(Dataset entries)
=== Begin Enclosure ===

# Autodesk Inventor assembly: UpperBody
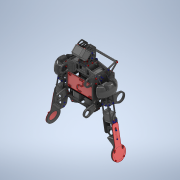
[picture p0: Inventor's stored thumbnail of the model, 180x180]
Saved by Autodesk Inventor 2022 (Build 260153000, 153)
## iProperties
Created: 2022-01-14
Part Number: UpperBody
Document SubType Name: Assembly
Designer: Masato Kubotera
Mass: 1918.95 g
Surface Area: 7006.93 cm^2
Volume: 1229.13 cm^3
Author: Masato Kubotera
## Documents named in this file (9)
- C:\Users\MasatoKubotera\Desktop\SUSTAINA-OP\UpperBody\UpperBody.iam
- C:\Users\MasatoKubotera\Desktop\SUSTAINA-OP\UpperBody\Trunk\Trunk.iam
- C:\Users\MasatoKubotera\Desktop\SUSTAINA-OP\UpperBody\Head\Head.iam
- C:\Users\MasatoKubotera\Desktop\SUSTAINA-OP\UpperBody\Arm\Shoulder.iam
- C:\Users\MasatoKubotera\Desktop\SUSTAINA-OP\UpperBody\Arm\UpperArm.iam
- C:\Users\MasatoKubotera\Desktop\SUSTAINA-OP\UpperBody\Arm\ForeArm.iam
- C:\Users\MasatoKubotera\Desktop\SUSTAINA-OP\UpperBody\Arm\UpperArm_MIR.iam
- C:\Users\MasatoKubotera\Desktop\SUSTAINA-OP\UpperBody\Cockpit\Cockpit.iam
- C:\Users\MasatoKubotera\Desktop\SUSTAINA-OP\UpperBody\Arm\SideBumper.ipt
## Components (11 placed, 8 different names)
1. Trunk:1 [sub-assembly] — フラッシュ:1, フラッシュ:2, フラッシュ:3, 挿入:1, 角度:1, Insert:2, Insert:3, 角度:2, 角度:3, Insert:11
2. Head:1 [sub-assembly] — 挿入:1, 角度:1
3. Shoulder:1 [sub-assembly] — Insert:2, 角度:2, 挿入:4, 角度:4
4. Shoulder:2 [sub-assembly] — Insert:3, 角度:3, Insert:9, Angle:7
5. UpperArm:1 [sub-assembly] — 挿入:4, 角度:4, Insert:6, Angle:6, フラッシュ:4, フラッシュ:5, フラッシュ:6
6. ForeArm:1 [sub-assembly] — Insert:6, Angle:6
7. ForeArm:2 [sub-assembly] — Insert:10, Angle:8
8. UpperArm_MIR:1 [sub-assembly] — Insert:9, Insert:10, Angle:7, Angle:8, メイト:1, メイト:2, フラッシュ:7
9. Cockpit:1 [sub-assembly] — Insert:11, 角度:9
10. SideBumper:1 — フラッシュ:4, フラッシュ:5, フラッシュ:6
11. SideBumper:2 — メイト:1, メイト:2, フラッシュ:7
## Relationships (25: Insert 8, Angle 8, Flush 7, Mate 2)
- フラッシュ:1 [Flush]: Trunk:1
- フラッシュ:2 [Flush]: Trunk:1
- フラッシュ:3 [Flush]: Trunk:1
- 挿入:1 [Insert]: Trunk:1 ↔ Head:1
- 角度:1 [Angle] (180 deg): Trunk:1 ↔ Head:1
- Insert:2: Trunk:1 ↔ Shoulder:1
- Insert:3: Trunk:1 ↔ Shoulder:2
- 角度:2 [Angle] (0 deg): Trunk:1 ↔ Shoulder:1
- 角度:3 [Angle] (0 deg): Trunk:1 ↔ Shoulder:2
- 挿入:4 [Insert]: Shoulder:1 ↔ UpperArm:1
- 角度:4 [Angle] (170 deg): Shoulder:1 ↔ UpperArm:1
- Insert:6: UpperArm:1 ↔ ForeArm:1
- Angle:6 (0 deg): UpperArm:1 ↔ ForeArm:1
- Insert:9: Shoulder:2 ↔ UpperArm_MIR:1
- Insert:10: ForeArm:2 ↔ UpperArm_MIR:1
- Angle:7 (10 deg): Shoulder:2 ↔ UpperArm_MIR:1
- Angle:8 (180 deg): ForeArm:2 ↔ UpperArm_MIR:1
- Insert:11 (0.025 mm): Trunk:1 ↔ Cockpit:1
- 角度:9 [Angle] (0 deg): Cockpit:1
- フラッシュ:4 [Flush]: UpperArm:1 ↔ SideBumper:1
- フラッシュ:5 [Flush]: UpperArm:1 ↔ SideBumper:1
- フラッシュ:6 [Flush]: UpperArm:1 ↔ SideBumper:1
- メイト:1 [Mate]: UpperArm_MIR:1 ↔ SideBumper:2
- メイト:2 [Mate]: UpperArm_MIR:1 ↔ SideBumper:2
- フラッシュ:7 [Flush]: UpperArm_MIR:1 ↔ SideBumper:2

=== End Enclosure ===

EXERCISE GOAL: The response should repeat every entry above exactly and include none of the pictures.

PROBLEM SOLUTION:
# Autodesk Inventor assembly: UpperBody
[picture p0: Inventor's stored thumbnail of the model, 180x180]
Saved by Autodesk Inventor 2022 (Build 260153000, 153)
## iProperties
Created: 2022-01-14
Part Number: UpperBody
Document SubType Name: Assembly
Designer: Masato Kubotera
Mass: 1918.95 g
Surface Area: 7006.93 cm^2
Volume: 1229.13 cm^3
Author: Masato Kubotera
## Documents named in this file (9)
- C:\Users\MasatoKubotera\Desktop\SUSTAINA-OP\UpperBody\UpperBody.iam
- C:\Users\MasatoKubotera\Desktop\SUSTAINA-OP\UpperBody\Trunk\Trunk.iam
- C:\Users\MasatoKubotera\Desktop\SUSTAINA-OP\UpperBody\Head\Head.iam
- C:\Users\MasatoKubotera\Desktop\SUSTAINA-OP\UpperBody\Arm\Shoulder.iam
- C:\Users\MasatoKubotera\Desktop\SUSTAINA-OP\UpperBody\Arm\UpperArm.iam
- C:\Users\MasatoKubotera\Desktop\SUSTAINA-OP\UpperBody\Arm\ForeArm.iam
- C:\Users\MasatoKubotera\Desktop\SUSTAINA-OP\UpperBody\Arm\UpperArm_MIR.iam
- C:\Users\MasatoKubotera\Desktop\SUSTAINA-OP\UpperBody\Cockpit\Cockpit.iam
- C:\Users\MasatoKubotera\Desktop\SUSTAINA-OP\UpperBody\Arm\SideBumper.ipt
## Components (11 placed, 8 different names)
1. Trunk:1 [sub-assembly] — フラッシュ:1, フラッシュ:2, フラッシュ:3, 挿入:1, 角度:1, Insert:2, Insert:3, 角度:2, 角度:3, Insert:11
2. Head:1 [sub-assembly] — 挿入:1, 角度:1
3. Shoulder:1 [sub-assembly] — Insert:2, 角度:2, 挿入:4, 角度:4
4. Shoulder:2 [sub-assembly] — Insert:3, 角度:3, Insert:9, Angle:7
5. UpperArm:1 [sub-assembly] — 挿入:4, 角度:4, Insert:6, Angle:6, フラッシュ:4, フラッシュ:5, フラッシュ:6
6. ForeArm:1 [sub-assembly] — Insert:6, Angle:6
7. ForeArm:2 [sub-assembly] — Insert:10, Angle:8
8. UpperArm_MIR:1 [sub-assembly] — Insert:9, Insert:10, Angle:7, Angle:8, メイト:1, メイト:2, フラッシュ:7
9. Cockpit:1 [sub-assembly] — Insert:11, 角度:9
10. SideBumper:1 — フラッシュ:4, フラッシュ:5, フラッシュ:6
11. SideBumper:2 — メイト:1, メイト:2, フラッシュ:7
## Relationships (25: Insert 8, Angle 8, Flush 7, Mate 2)
- フラッシュ:1 [Flush]: Trunk:1
- フラッシュ:2 [Flush]: Trunk:1
- フラッシュ:3 [Flush]: Trunk:1
- 挿入:1 [Insert]: Trunk:1 ↔ Head:1
- 角度:1 [Angle] (180 deg): Trunk:1 ↔ Head:1
- Insert:2: Trunk:1 ↔ Shoulder:1
- Insert:3: Trunk:1 ↔ Shoulder:2
- 角度:2 [Angle] (0 deg): Trunk:1 ↔ Shoulder:1
- 角度:3 [Angle] (0 deg): Trunk:1 ↔ Shoulder:2
- 挿入:4 [Insert]: Shoulder:1 ↔ UpperArm:1
- 角度:4 [Angle] (170 deg): Shoulder:1 ↔ UpperArm:1
- Insert:6: UpperArm:1 ↔ ForeArm:1
- Angle:6 (0 deg): UpperArm:1 ↔ ForeArm:1
- Insert:9: Shoulder:2 ↔ UpperArm_MIR:1
- Insert:10: ForeArm:2 ↔ UpperArm_MIR:1
- Angle:7 (10 deg): Shoulder:2 ↔ UpperArm_MIR:1
- Angle:8 (180 deg): ForeArm:2 ↔ UpperArm_MIR:1
- Insert:11 (0.025 mm): Trunk:1 ↔ Cockpit:1
- 角度:9 [Angle] (0 deg): Cockpit:1
- フラッシュ:4 [Flush]: UpperArm:1 ↔ SideBumper:1
- フラッシュ:5 [Flush]: UpperArm:1 ↔ SideBumper:1
- フラッシュ:6 [Flush]: UpperArm:1 ↔ SideBumper:1
- メイト:1 [Mate]: UpperArm_MIR:1 ↔ SideBumper:2
- メイト:2 [Mate]: UpperArm_MIR:1 ↔ SideBumper:2
- フラッシュ:7 [Flush]: UpperArm_MIR:1 ↔ SideBumper:2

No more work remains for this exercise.